Le quotidien satirique illustré Le Charivari  relate en février 1928 l’affaire des dindons. L’histoire semble n’être qu’un prétexte à charge contre Thalamas, s’inscrivant dans la défiance dont il est l’objet depuis la dite « Affaire Thalamas ».

« Les Dindons de Thalamas ». Le Charivari, n° 85. 11 février 1928. Archives 125/9/1/4/2. Cliché INHA.
« Les Dindons de Thalamas », Le Charivari, no 85, 11 février 1928. Archives 125/9/1/4/2. Cliché INHA.

 

La relation de l’incident dans l’article apparaît quelque peu faussée et dépeint l’affaire avec une exagération comique. « [Thalamas] voulut traduire le directeur de l’École, qui a le tort de ne pas être franc-maçon, devant un Conseil de discipline, sous l’inculpation de malversation ! ». Quant aux dindons, le Charivari contribue au mythe selon lequel ils auraient subi un funeste sort : « [Monsieur Tardieu] en mangea un et fit don de l’autre à un parent ».

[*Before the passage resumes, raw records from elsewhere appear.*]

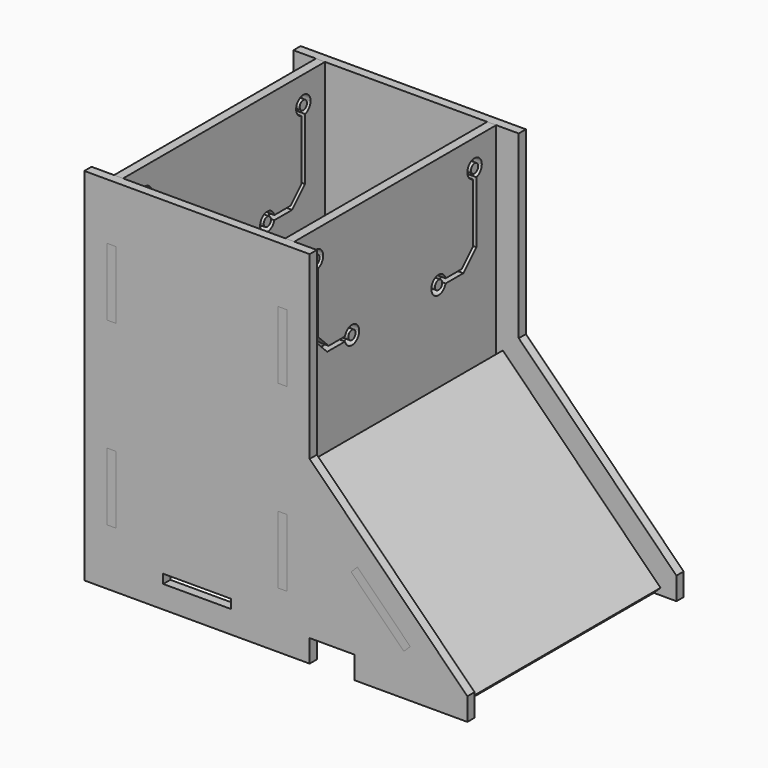
from build123d import *

# Parameters (mm, degrees)
F0_W     = 15
F0_H     = 2
F0_W_2   = 2
F0_H_2   = 15
F1_DEPTH = 30
F2_DEPTH = 28
F3_W     = 15
F3_H     = 2
F3_W_2   = 2
F3_H_2   = 15
F4_DEPTH = 20
F5_DEPTH = 18
F6_W     = 2
F6_H     = 16.5685424949
F7_DEPTH = 2
F9_DEPTH = 40


with BuildPart() as f1:
    # F0 (on Front) → F1 (new body, symmetric)
    with BuildSketch(Plane.XZ):
        Polygon((-25, -40), (25, -40), (25, -35), (25, 0), (25, 40), (-25, 40), align=None)
        with Locations((0, -34)):
            Rectangle(F0_W, F0_H, mode=Mode.SUBTRACT)
        with Locations((-19, -20)):
            Rectangle(F0_W_2, F0_H_2, mode=Mode.SUBTRACT)
        with Locations((19, -20)):
            Rectangle(F0_W_2, F0_H_2, mode=Mode.SUBTRACT)
        with Locations((-19, 20)):
            Rectangle(F0_W_2, F0_H_2, mode=Mode.SUBTRACT)
        with Locations((19, 20)):
            Rectangle(F0_W_2, F0_H_2, mode=Mode.SUBTRACT)
        Polygon((25, 0), (25, -35), (35, -35), (35, -40), (60, -40), (60, -35), align=None)
        Polygon((34.1923881554, -19.091883092), (35.6066017178, -17.6776695297), (47.3223304703, -29.3933982822), (45.908116908, -30.8076118446), align=None, mode=Mode.SUBTRACT)
    extrude(amount=F1_DEPTH, both=True)

    # F0 (on Front) → F2 (cut, symmetric)
    with BuildSketch(Plane.XZ):
        Polygon((-25, -40), (25, -40), (25, -35), (25, 0), (25, 40), (-25, 40), align=None)
        with Locations((0, -34)):
            Rectangle(F0_W, F0_H, mode=Mode.SUBTRACT)
        with Locations((-19, -20)):
            Rectangle(F0_W_2, F0_H_2, mode=Mode.SUBTRACT)
        with Locations((19, -20)):
            Rectangle(F0_W_2, F0_H_2, mode=Mode.SUBTRACT)
        with Locations((-19, 20)):
            Rectangle(F0_W_2, F0_H_2, mode=Mode.SUBTRACT)
        with Locations((19, 20)):
            Rectangle(F0_W_2, F0_H_2, mode=Mode.SUBTRACT)
        Polygon((25, 0), (25, -35), (35, -35), (35, -40), (60, -40), (60, -35), align=None)
        Polygon((34.1923881554, -19.091883092), (35.6066017178, -17.6776695297), (47.3223304703, -29.3933982822), (45.908116908, -30.8076118446), align=None, mode=Mode.SUBTRACT)
    extrude(amount=F2_DEPTH, both=True, mode=Mode.SUBTRACT)


with BuildPart() as f4:
    # F3 (on Right) → F4 (new body, symmetric)
    with BuildSketch(Plane.YZ):
        Polygon((28, -40), (28, -35), (28, -33), (28, -27.5), (28, -12.5), (28, 12.5), (28, 27.5), (28, 40), (-28, 40), (-28, 27.5), (-28, 12.5), (-28, -12.5), (-28, -27.5), (-28, -40), align=None)
        with Locations((0, -34)):
            Rectangle(F3_W, F3_H, mode=Mode.SUBTRACT)
        with Locations((29, 20)):
            Rectangle(F3_W_2, F3_H_2)
        with Locations((-29, 20)):
            Rectangle(F3_W_2, F3_H_2)
        with Locations((29, -20)):
            Rectangle(F3_W_2, F3_H_2)
        with Locations((-29, -20)):
            Rectangle(F3_W_2, F3_H_2)
    extrude(amount=F4_DEPTH, both=True)

    # F3 (on Right) → F5 (cut, symmetric)
    with BuildSketch(Plane.YZ):
        Polygon((28, -40), (28, -35), (28, -33), (28, -27.5), (28, -12.5), (28, 12.5), (28, 27.5), (28, 40), (-28, 40), (-28, 27.5), (-28, 12.5), (-28, -12.5), (-28, -27.5), (-28, -40), align=None)
        with Locations((0, -34)):
            Rectangle(F3_W, F3_H, mode=Mode.SUBTRACT)
        with Locations((29, 20)):
            Rectangle(F3_W_2, F3_H_2)
        with Locations((-29, 20)):
            Rectangle(F3_W_2, F3_H_2)
        with Locations((-29, -20)):
            Rectangle(F3_W_2, F3_H_2)
        with Locations((29, -20)):
            Rectangle(F3_W_2, F3_H_2)
    extrude(amount=F5_DEPTH, both=True, mode=Mode.SUBTRACT)

    # F8 (on face) → F9 (cut, through all)
    with BuildSketch(Plane.YZ.offset(20)):
        with BuildLine():
            ThreePointArc((-21.5, 32.0635083269), (-22, 32), (-22.5, 32.0635083269))
            Line((-22.5, 32.0635083269), (-22.5, 18.8015028834))
            Line((-22.5, 18.8015028834), (-22.5, 18.3872893211))
            Line((-22.5, 18.3872893211), (-18.892569804, 14.7798591251))
            Line((-18.892569804, 14.7798591251), (-18.4783562416, 14.7798591251))
            Line((-18.4783562416, 14.7798591251), (-13.9459307317, 14.7798591251))
            ThreePointArc((-13.9459307317, 14.7798591251), (-14.0094390586, 15.2798591251), (-13.9459307317, 15.7798591251))
            Line((-13.9459307317, 15.7798591251), (-18.4783562416, 15.7798591251))
            Line((-18.4783562416, 15.7798591251), (-21.5, 18.8015028834))
            Line((-21.5, 18.8015028834), (-21.5, 32.0635083269))
        make_face()
        with BuildLine():
            ThreePointArc((-10.0094390586, 15.2798591251), (-11.7574304736, 17.2639185176), (-13.9459307317, 15.7798591251))
            Line((-13.9459307317, 15.7798591251), (-12.8754644624, 15.7798591251))
            ThreePointArc((-12.8754644624, 15.7798591251), (-11.7506200135, 16.2457849514), (-11.0094390586, 15.2798591251))
            ThreePointArc((-11.0094390586, 15.2798591251), (-11.7506200135, 14.3139332988), (-12.8754644624, 14.7798591251))
            Line((-12.8754644624, 14.7798591251), (-13.9459307317, 14.7798591251))
            ThreePointArc((-13.9459307317, 14.7798591251), (-11.7574304736, 13.2957997325), (-10.0094390586, 15.2798591251))
        make_face()
        with BuildLine():
            Line((-12.8754644624, 15.7798591251), (-13.9459307317, 15.7798591251))
            ThreePointArc((-13.9459307317, 15.7798591251), (-14.0094390586, 15.2798591251), (-13.9459307317, 14.7798591251))
            Line((-13.9459307317, 14.7798591251), (-12.8754644624, 14.7798591251))
            ThreePointArc((-12.8754644624, 14.7798591251), (-13.0094390586, 15.2798591251), (-12.8754644624, 15.7798591251))
        make_face()
        with BuildLine():
            ThreePointArc((-21.5, 32.0635083269), (-20.4188611699, 32.7752551286), (-20, 34))
            ThreePointArc((-20, 34), (-23.2247448714, 35.5811388301), (-22.5, 32.0635083269))
            Line((-22.5, 32.0635083269), (-22.5, 33.1339745962))
            ThreePointArc((-22.5, 33.1339745962), (-22.5, 34.8660254038), (-21, 34))
            ThreePointArc((-21, 34), (-21.1339745962, 33.5), (-21.5, 33.1339745962))
            Line((-21.5, 33.1339745962), (-21.5, 32.0635083269))
        make_face()
        with BuildLine():
            Line((-22.5, 33.1339745962), (-22.5, 32.0635083269))
            ThreePointArc((-22.5, 32.0635083269), (-22, 32), (-21.5, 32.0635083269))
            Line((-21.5, 32.0635083269), (-21.5, 33.1339745962))
            ThreePointArc((-21.5, 33.1339745962), (-22, 33), (-22.5, 33.1339745962))
        make_face()
        with BuildLine():
            ThreePointArc((24, 34), (20.7752551286, 35.5811388301), (21.5, 32.0635083269))
            Line((21.5, 32.0635083269), (21.5, 33.1339745962))
            ThreePointArc((21.5, 33.1339745962), (21.5, 34.8660254038), (23, 34))
            ThreePointArc((23, 34), (22.8660254038, 33.5), (22.5, 33.1339745962))
            Line((22.5, 33.1339745962), (22.5, 32.0635083269))
            ThreePointArc((22.5, 32.0635083269), (23.5811388301, 32.7752551286), (24, 34))
        make_face()
        with BuildLine():
            Line((21.5, 33.1339745962), (21.5, 32.0635083269))
            ThreePointArc((21.5, 32.0635083269), (22, 32), (22.5, 32.0635083269))
            Line((22.5, 32.0635083269), (22.5, 33.1339745962))
            ThreePointArc((22.5, 33.1339745962), (22, 33), (21.5, 33.1339745962))
        make_face()
        with BuildLine():
            Line((18.4783562416, 15.7798591251), (13.9459307317, 15.7798591251))
            ThreePointArc((13.9459307317, 15.7798591251), (13.9934984511, 15.53186771), (14.0094390586, 15.2798591251))
            ThreePointArc((14.0094390586, 15.2798591251), (13.9934984511, 15.0278505401), (13.9459307317, 14.7798591251))
            Line((13.9459307317, 14.7798591251), (18.4783562416, 14.7798591251))
            Line((18.4783562416, 14.7798591251), (18.892569804, 14.7798591251))
            Line((18.892569804, 14.7798591251), (22.5, 18.3872893211))
            Line((22.5, 18.3872893211), (22.5, 18.8015028834))
            Line((22.5, 18.8015028834), (22.5, 32.0635083269))
            ThreePointArc((22.5, 32.0635083269), (22, 32), (21.5, 32.0635083269))
            Line((21.5, 32.0635083269), (21.5, 18.8015028834))
            Line((21.5, 18.8015028834), (18.4783562416, 15.7798591251))
        make_face()
        with BuildLine():
            ThreePointArc((12.8754644624, 15.7798591251), (12.9753648849, 15.5386781702), (13.0094390586, 15.2798591251))
            ThreePointArc((13.0094390586, 15.2798591251), (12.9753648849, 15.02104008), (12.8754644624, 14.7798591251))
            Line((12.8754644624, 14.7798591251), (13.9459307317, 14.7798591251))
            ThreePointArc((13.9459307317, 14.7798591251), (13.9934984511, 15.0278505401), (14.0094390586, 15.2798591251))
            ThreePointArc((14.0094390586, 15.2798591251), (13.9934984511, 15.53186771), (13.9459307317, 15.7798591251))
            Line((13.9459307317, 15.7798591251), (12.8754644624, 15.7798591251))
        make_face()
        with BuildLine():
            ThreePointArc((12.8754644624, 14.7798591251), (11.0094390586, 15.2798591251), (12.8754644624, 15.7798591251))
            Line((12.8754644624, 15.7798591251), (13.9459307317, 15.7798591251))
            ThreePointArc((13.9459307317, 15.7798591251), (10.0094390586, 15.2798591251), (13.9459307317, 14.7798591251))
            Line((13.9459307317, 14.7798591251), (12.8754644624, 14.7798591251))
        make_face()
    extrude(amount=-F9_DEPTH, mode=Mode.SUBTRACT)


with BuildPart() as f7:
    # F6 (on face) → F7 (new body)
    with BuildSketch(Plane(origin=(7.5502525317, 0, 7.5502525317), x_dir=(0, 1, 0), z_dir=(0.7071067812, 0, 0.7071067812))):
        with Locations((-29, -45.9619407771)):
            Rectangle(F6_W, F6_H)
        Polygon((28, -17.6776695297), (-28, -17.6776695297), (-28, -37.6776695297), (-28, -54.2462120246), (-28, -67.1751442127), (28, -67.1751442127), (28, -54.2462120246), (28, -37.6776695297), align=None)
        with Locations((29, -45.9619407771)):
            Rectangle(F6_W, F6_H)
    extrude(amount=F7_DEPTH)


solid = Compound([f1.part, f4.part, f7.part])

Au-delà de l’histoire amusante, c’est bien tout le système des écoles d’art dans les colonies qui est illustré par ce qui n’est finalement qu’un fait divers dont l’absurdité est poussée à son paroxysme par ses protagonistes : l’administration coloniale et la transposition des règles de droit dans un milieu qui pourrait avoir la tentation de s’en dispenser, et la tension qui en résulte entre les réalités locales et les impératifs administratifs.

En dépit de son tempérament sans concession et des relations parfois houleuses entretenues avec sa tutelle et l’administration coloniale, Tardieu dirigera l’école des beaux-arts de Hanoï jusqu’en 1936, avant de s’éteindre l’année suivante.